--- What to work on ---
Here is a block of records. Copy every line in it that includes "BuildSketch".

Segment Start: Extracted material

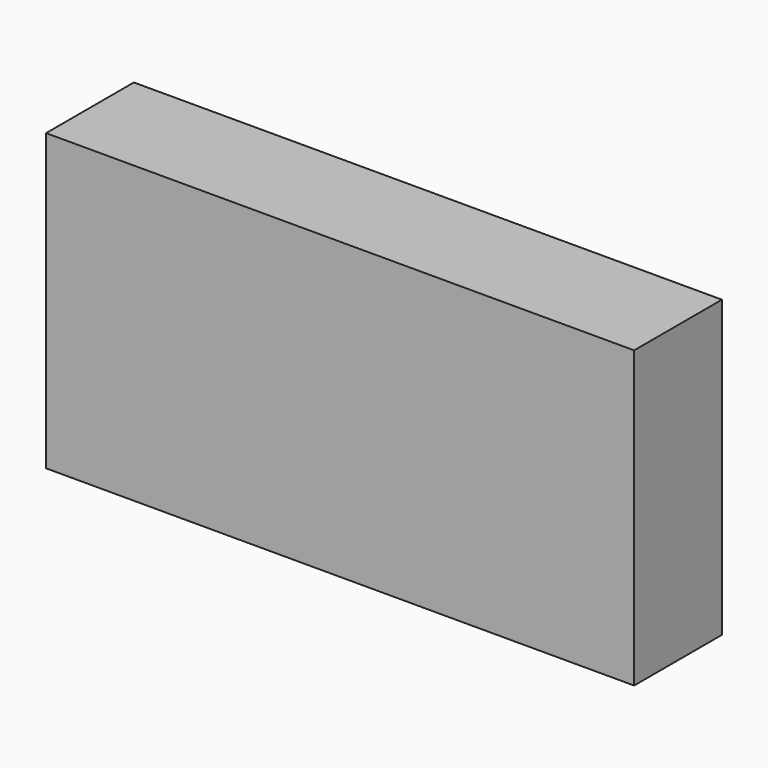
from build123d import *

# Parameters (mm, degrees)
F0_W     = 136.1236646771
F0_H     = 68.3124661446
F1_DEPTH = 25.4


# Not quite as in the source:
# - a feature of the source that left no trace in its solid (it failed there, or was rolled back) is left out


with BuildPart() as f1:
    # F0 (on Front) → F1 (new body)
    with BuildSketch(Plane.XZ):
        with Locations((-12.1615193784, -18.8726782799)):
            Rectangle(F0_W, F0_H)
    extrude(amount=F1_DEPTH)


solid = f1.part
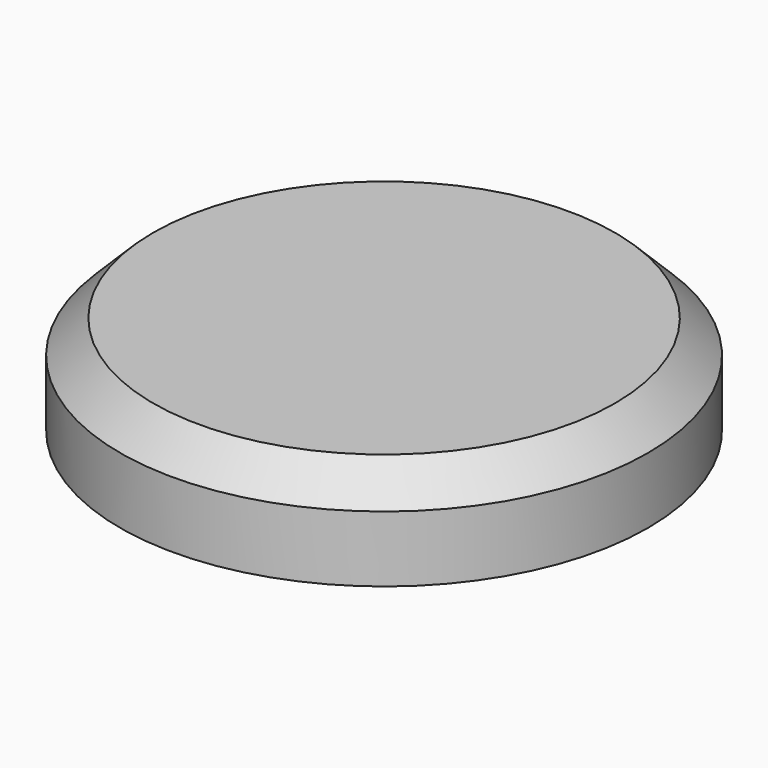
from build123d import *

# Parameters (mm, degrees)
F0_R     = 40
F1_DEPTH = 15
F2_SIZE  = 5
F3_R     = 25
F4_DEPTH = 10
F5_SIZE2 = 9.99999
F5_SIZE  = 24.99999


# Not quite as in the source:
# - a fillet or chamfer is up to 0.001 mm smaller than in the source, because OpenCascade refuses the exact size


with BuildPart() as f1:
    # F0 (on Top) → F1 (new body)
    with BuildSketch(Plane.XY):
        Circle(F0_R)
    extrude(amount=F1_DEPTH)

    # F2
    f2_edges = [f1.edges().sort_by_distance(p)[0] for p in [
        (-40, 0, 15),
    ]]
    chamfer(f2_edges, length=F2_SIZE)

    # F3 (on face) → F4 (cut)
    with BuildSketch(Plane(origin=(0, 0, 0), x_dir=(1, 0, 0), z_dir=(0, 0, -1))):
        Circle(F3_R)
    extrude(amount=-F4_DEPTH, mode=Mode.SUBTRACT)

    # F5 (size 25 and 10 in the source; OpenCascade refuses exactly that, so slightly less here)
    f5_edges = [f1.edges().sort_by_distance(p)[0] for p in [
        (-25, 0, 10),
    ]]
    f5_side = f1.faces().sort_by_distance((0, 0, 10))[0]
    chamfer(f5_edges, length=F5_SIZE, length2=F5_SIZE2, reference=f5_side)


solid = f1.part

Segment End: Extracted material

--- Reply ---
    with BuildSketch(Plane.XZ):
    with BuildSketch(Plane.XY):
    with BuildSketch(Plane(origin=(0, 0, 0), x_dir=(1, 0, 0), z_dir=(0, 0, -1))):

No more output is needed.